Ее возвращение в Москву после долгой болезни совпадает с открытием нового театра. Здесь, на углу Тверской и Гнездниковского переулка, в «Театре близ памятника Пушкину», или, как его еще называли москвичи для краткости, просто Пушкинском, Стрепетовой удалось с наибольшей полнотой высказать все, к чему она стремилась на сцене.

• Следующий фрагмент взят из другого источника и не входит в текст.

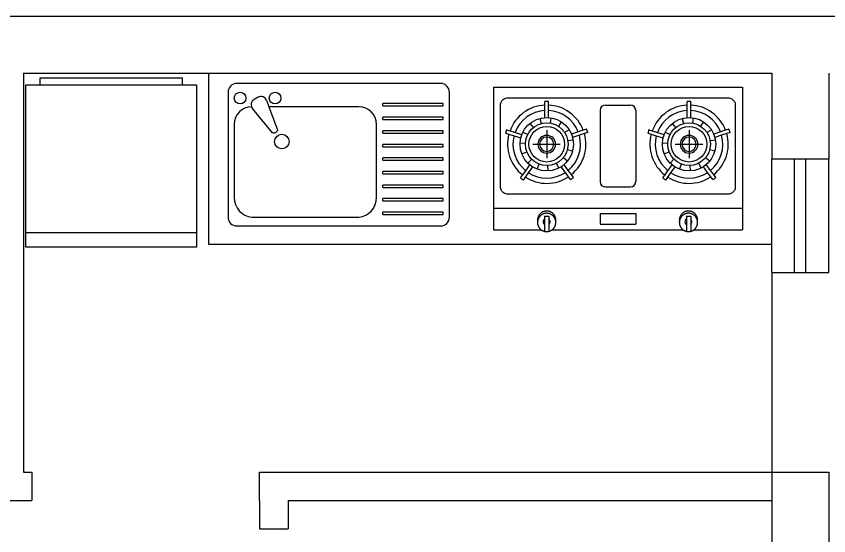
# Model space of a CAD drawing. Header units: centimetres. Extents: x 961 to 1761, y 3059 to 3784.
# Drawn here: x 1330.8 to 1616.3, y 3602 to 3784.4 of the extents above; entities that cross this region are included whole.
import ezdxf

# ---------------------------------------------------------------- set-up
doc = ezdxf.new("R2010")
doc.units = ezdxf.units.CM
doc.layers.add('傢俱', color=7, linetype='Continuous', plot=False)

# ---------------------------------------------------------------- blocks, each defined once
blk = doc.blocks.new('冰箱')
for p, q in [((-25.63, -4.06), (-25.63, -1.56)), ((-25.63, -1.56), (24.4, -1.56)), ((24.4, -4.06), (24.4, -1.56)), ((-30.61, -4.06), (-25.63, -4.06)), ((-30.61, -59.06), (-30.61, -4.06)), ((-25.63, -4.06), (24.4, -4.06)), ((24.4, -4.06), (29.39, -4.06)), ((29.39, -4.06), (29.39, -59.06)), ((29.39, -56.06), (-30.61, -56.06)), ((-30.61, -61.06), (-30.61, -59.06)), ((29.39, -59.06), (29.39, -61.06)), ((29.39, -61.06), (-30.61, -61.06))]:
    blk.add_line(p, q)
blk = doc.blocks.new('K2')
at = {"color": 0}
for p, q in [((36.94, 48.08), (-34.7, 48.08)), ((-37.78, 45), (-37.78, 1.15)), ((-27.18, 43.23), (-28.61, 42.4)), ((40.02, 1.15), (40.02, 45)), ((-24.24, 42.17), (-23.38, 39.88)), ((37.82, 41.01), (16.61, 41.01)), ((16.61, 40.18), (16.61, 41.01)), ((16.61, 40.18), (37.82, 40.18)), ((37.82, 40.18), (37.82, 41.01)), ((-22.12, 30.76), (-29.17, 39.32)), ((8.23, 39.88), (-23.38, 39.88)), ((-23.38, 39.88), (-20.34, 31.78)), ((37.82, 36.24), (16.61, 36.24)), ((16.61, 35.41), (16.61, 36.24)), ((16.61, 35.41), (37.82, 35.41)), ((37.82, 35.41), (37.82, 36.24)), ((-35.59, 33.72), (-35.59, 8.08)), ((-20.47, 31.42), (-20.57, 31.26)), ((-20.4, 31.6), (-20.47, 31.42)), ((-20.34, 31.78), (-20.4, 31.6)), ((14.38, 8.08), (14.38, 33.72)), ((37.82, 31.48), (16.61, 31.48)), ((16.61, 30.65), (16.61, 31.48)), ((37.82, 30.65), (37.82, 31.48)), ((-21.93, 30.71), (-22.12, 30.76)), ((-21.74, 30.69), (-21.93, 30.71)), ((-21.55, 30.69), (-21.74, 30.69)), ((-21.36, 30.73), (-21.55, 30.69)), ((-21.17, 30.79), (-21.36, 30.73)), ((-21, 30.87), (-21.17, 30.79)), ((-20.84, 30.98), (-21, 30.87)), ((-20.7, 31.11), (-20.84, 30.98)), ((-20.57, 31.26), (-20.7, 31.11)), ((16.61, 30.65), (37.82, 30.65)), ((37.82, 26.71), (16.61, 26.71)), ((16.61, 25.88), (16.61, 26.71)), ((16.61, 25.88), (37.82, 25.88)), ((37.82, 25.88), (37.82, 26.71)), ((37.82, 21.95), (16.61, 21.95)), ((16.61, 21.12), (16.61, 21.95)), ((16.61, 21.12), (37.82, 21.12)), ((37.82, 21.12), (37.82, 21.95)), ((37.82, 17.18), (16.61, 17.18)), ((16.61, 16.35), (16.61, 17.18)), ((37.82, 16.35), (37.82, 17.18)), ((16.61, 16.35), (37.82, 16.35)), ((37.82, 12.42), (16.61, 12.42)), ((16.61, 11.59), (16.61, 12.42)), ((16.61, 11.59), (37.82, 11.59)), ((37.82, 11.59), (37.82, 12.42)), ((37.82, 7.65), (16.61, 7.65)), ((16.61, 6.82), (16.61, 7.65)), ((16.61, 6.82), (37.82, 6.82)), ((37.82, 6.82), (37.82, 7.65)), ((37.82, 2.89), (16.61, 2.89)), ((16.61, 2.06), (16.61, 2.89)), ((37.82, 2.06), (37.82, 2.89)), ((-29.44, 1.15), (8.23, 1.15)), ((16.61, 2.06), (37.82, 2.06)), ((-34.7, -1.93), (36.94, -1.93))]:
    blk.add_line(p, q, dxfattribs=at)
for centre, radius in [((-33.54, 42.95), 2.05), ((-21.23, 42.95), 2.05), ((-18.87, 27.67), 2.56)]:
    blk.add_circle(centre, radius, dxfattribs=at)
for centre, radius, start, end in [((-34.7, 45), 3.08, 90, 180), ((36.94, 45), 3.08, 360, 90), ((-26.16, 41.45), 2.05, 20.5377, 120), ((-27.59, 40.63), 2.05, 120, 219.4623), ((-29.44, 33.72), 6.15, 90, 180), ((8.23, 33.72), 6.15, 0, 90), ((-28.73, 7.97), 6.86, 179.0955, 264.1006), ((7.53, 7.97), 6.86, 275.8994, 0.9045), ((-34.7, 1.15), 3.08, 180, 270), ((36.94, 1.15), 3.08, 270, 0)]:
    blk.add_arc(centre, radius, start, end, dxfattribs=at)
blk = doc.blocks.new('水槽')
blk.add_blockref('K2', (-1.12, -48.08))
blk = doc.blocks.new('瓦斯爐')
for p, q in [((-43.75, 0), (43.75, 0)), ((-43.75, 0), (-43.75, -42.5)), ((43.75, 0), (43.75, -42.5)), ((-41.23, -5.92), (-41.16, -5.6)), ((-41.16, -5.6), (-41.06, -5.29)), ((-41.06, -5.29), (-40.92, -5)), ((-40.92, -5), (-40.73, -4.73)), ((-40.73, -4.73), (-40.52, -4.48)), ((-40.52, -4.48), (-40.27, -4.27)), ((-40.27, -4.27), (-40, -4.08)), ((-40, -4.08), (-39.71, -3.94)), ((-39.71, -3.94), (-39.4, -3.84)), ((-39.4, -3.84), (-39.08, -3.77)), ((-39.08, -3.77), (-38.75, -3.75)), ((-38.75, -3.75), (38.75, -3.75)), ((-25.63, -6.26), (-25.63, -5.01)), ((-24.38, -6.26), (-24.38, -5.01)), ((24.37, -6.26), (24.37, -5.01)), ((25.62, -6.26), (25.62, -5.01)), ((38.75, -3.75), (39.08, -3.77)), ((39.08, -3.77), (39.4, -3.84)), ((39.4, -3.84), (39.71, -3.94)), ((39.71, -3.94), (40, -4.08)), ((40, -4.08), (40.27, -4.27)), ((40.27, -4.27), (40.52, -4.48)), ((40.52, -4.48), (40.73, -4.73)), ((40.73, -4.73), (40.92, -5)), ((40.92, -5), (41.06, -5.29)), ((41.06, -5.29), (41.16, -5.6)), ((41.16, -5.6), (41.23, -5.92)), ((-41.25, -6.25), (-41.23, -5.92)), ((-41.25, -35), (-41.25, -6.25)), ((-25.63, -8.14), (-25.63, -6.26)), ((-25.63, -10.65), (-25.63, -8.14)), ((-24.38, -8.14), (-24.38, -6.26)), ((-24.38, -10.65), (-24.38, -8.14)), ((-6.25, -8.13), (-6.25, -33.12)), ((-4.38, -6.25), (4.38, -6.25)), ((6.25, -8.13), (6.25, -33.12)), ((24.37, -8.14), (24.37, -6.26)), ((24.37, -10.65), (24.37, -8.14)), ((25.62, -8.14), (25.62, -6.26)), ((25.62, -10.65), (25.62, -8.14)), ((41.23, -5.92), (41.25, -6.25)), ((41.25, -6.25), (41.25, -35)), ((-27.43, -10.94), (-26.94, -12.76)), ((-23.53, -10.74), (-23.83, -12.59)), ((22.57, -10.94), (23.06, -12.76)), ((26.47, -10.74), (26.17, -12.59)), ((-30.9, -12.71), (-29.72, -14.17)), ((-19.89, -12.14), (-20.92, -13.71)), ((19.1, -12.71), (20.28, -14.17)), ((30.11, -12.14), (29.08, -13.71)), ((-39.49, -16.07), (-39.48, -16.08)), ((-39.48, -16.08), (-38.29, -16.46)), ((-39.11, -14.88), (-39.1, -14.89)), ((-39.1, -14.89), (-37.91, -15.26)), ((-38.29, -16.46), (-36.5, -17.02)), ((-37.91, -15.26), (-36.12, -15.83)), ((-36.5, -17.02), (-34.11, -17.78)), ((-36.12, -15.83), (-33.73, -16.58)), ((-33.35, -15.74), (-31.68, -16.6)), ((-25, -15.05), (-25, -16.87)), ((-25, -16.87), (-25, -17.5)), ((-17.14, -14.89), (-18.71, -15.92)), ((-13.95, -15.65), (-16.32, -16.45)), ((-13.55, -16.84), (-15.93, -17.63)), ((-12.17, -15.06), (-13.95, -15.65)), ((-11.77, -16.24), (-13.55, -16.84)), ((-10.98, -14.66), (-12.17, -15.06)), ((-10.59, -15.85), (-11.77, -16.24)), ((-10.97, -14.66), (-10.98, -14.66)), ((-10.57, -15.84), (-10.59, -15.85)), ((10.51, -16.07), (10.52, -16.08)), ((10.52, -16.08), (11.71, -16.46)), ((10.89, -14.88), (10.9, -14.89)), ((10.9, -14.89), (12.09, -15.26)), ((11.71, -16.46), (13.5, -17.02)), ((12.09, -15.26), (13.88, -15.83)), ((13.5, -17.02), (15.89, -17.78)), ((13.88, -15.83), (16.27, -16.58)), ((16.65, -15.74), (18.32, -16.6)), ((25, -15.05), (25, -16.87)), ((25, -16.87), (25, -17.5)), ((32.86, -14.89), (31.29, -15.92)), ((36.05, -15.65), (33.68, -16.45)), ((36.45, -16.84), (34.07, -17.63)), ((37.83, -15.06), (36.05, -15.65)), ((38.23, -16.24), (36.45, -16.84)), ((39.02, -14.66), (37.83, -15.06)), ((39.41, -15.85), (38.23, -16.24)), ((39.03, -14.66), (39.02, -14.66)), ((39.43, -15.84), (39.41, -15.85)), ((-34.36, -19.51), (-32.49, -19.61)), ((-25, -17.5), (-25, -22.5)), ((-15.74, -18.53), (-17.59, -18.83)), ((15.64, -19.51), (17.51, -19.61)), ((25, -17.5), (25, -22.5)), ((34.26, -18.53), (32.41, -18.83)), ((-33.75, -23.36), (-32, -22.69)), ((-29.95, -20), (-28.13, -20)), ((-28.13, -20), (-27.5, -20)), ((-27.5, -20), (-22.5, -20)), ((-25, -22.5), (-25, -23.12)), ((-22.5, -20), (-21.88, -20)), ((-21.88, -20), (-20.26, -20)), ((-15.94, -22.43), (-17.76, -21.94)), ((16.25, -23.36), (18, -22.69)), ((20.16, -20), (21.87, -20)), ((21.87, -20), (22.5, -20)), ((22.5, -20), (27.5, -20)), ((25, -22.5), (25, -23.12)), ((27.5, -20), (28.12, -20)), ((28.12, -20), (29.84, -20)), ((34.06, -22.43), (32.24, -21.94)), ((-31.63, -26.63), (-30.3, -25.3)), ((-25, -23.12), (-25, -24.95)), ((-17.71, -25.9), (-19.17, -24.72)), ((18.37, -26.63), (19.7, -25.3)), ((25, -23.12), (25, -24.95)), ((32.29, -25.9), (30.83, -24.72)), ((-32.4, -29.29), (-30.95, -27.25)), ((-31.38, -30.01), (-29.93, -27.97)), ((-28.36, -28.75), (-27.69, -27)), ((-24.51, -29.36), (-24.61, -27.49)), ((-20.74, -28.35), (-21.6, -26.68)), ((-18.46, -29.91), (-19.94, -27.89)), ((-17.45, -29.17), (-18.94, -27.15)), ((17.6, -29.29), (19.05, -27.25)), ((18.62, -30.01), (20.07, -27.97)), ((21.64, -28.75), (22.31, -27)), ((25.49, -29.36), (25.39, -27.49)), ((29.26, -28.35), (28.4, -26.68)), ((31.54, -29.91), (30.06, -27.89)), ((32.55, -29.17), (31.06, -27.15)), ((-34.22, -31.83), (-33.49, -30.81)), ((-33.49, -30.81), (-32.4, -29.29)), ((-32.48, -31.54), (-31.38, -30.01)), ((-17.34, -31.42), (-18.46, -29.91)), ((-16.34, -30.68), (-17.45, -29.17)), ((-15.59, -31.68), (-16.34, -30.68)), ((15.78, -31.83), (16.51, -30.81)), ((16.51, -30.81), (17.6, -29.29)), ((17.52, -31.54), (18.62, -30.01)), ((32.66, -31.42), (31.54, -29.91)), ((33.66, -30.68), (32.55, -29.17)), ((34.41, -31.68), (33.66, -30.68)), ((-34.23, -31.84), (-34.22, -31.83)), ((-33.21, -32.57), (-33.2, -32.56)), ((-33.2, -32.56), (-32.48, -31.54)), ((-16.6, -32.43), (-17.34, -31.42)), ((-16.59, -32.44), (-16.6, -32.43)), ((-15.58, -31.69), (-15.59, -31.68)), ((15.77, -31.84), (15.78, -31.83)), ((16.79, -32.57), (16.8, -32.56)), ((16.8, -32.56), (17.52, -31.54)), ((33.4, -32.43), (32.66, -31.42)), ((33.41, -32.44), (33.4, -32.43)), ((34.42, -31.69), (34.41, -31.68)), ((-41.23, -35.33), (-41.25, -35)), ((-41.16, -35.65), (-41.23, -35.33)), ((-41.06, -35.96), (-41.16, -35.65)), ((-40.92, -36.25), (-41.06, -35.96)), ((-40.73, -36.52), (-40.92, -36.25)), ((-40.52, -36.77), (-40.73, -36.52)), ((-40.27, -36.98), (-40.52, -36.77)), ((-40, -37.17), (-40.27, -36.98)), ((-4.38, -35), (4.38, -35)), ((40.27, -36.98), (40, -37.17)), ((40.52, -36.77), (40.27, -36.98)), ((40.73, -36.52), (40.52, -36.77)), ((40.92, -36.25), (40.73, -36.52)), ((41.06, -35.96), (40.92, -36.25)), ((41.16, -35.65), (41.06, -35.96)), ((41.23, -35.33), (41.16, -35.65)), ((41.25, -35), (41.23, -35.33)), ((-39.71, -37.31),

Театр этот был создан в 1880 году по инициативе артистки Малого театра А. А. Бренко. Его субсидировал один из крупных московских богачей — Малкиэль. Официальной владелицей театра считалась госпожа Левенсон. И Островский, огорчаясь беспомощным, бессистемным ведением дел, писал, что все будущее хорошего начинания зависит преимущественно «от того, насколько хватит капитала и самопожертвования у содержательницы этого театра г-жи Левенсон».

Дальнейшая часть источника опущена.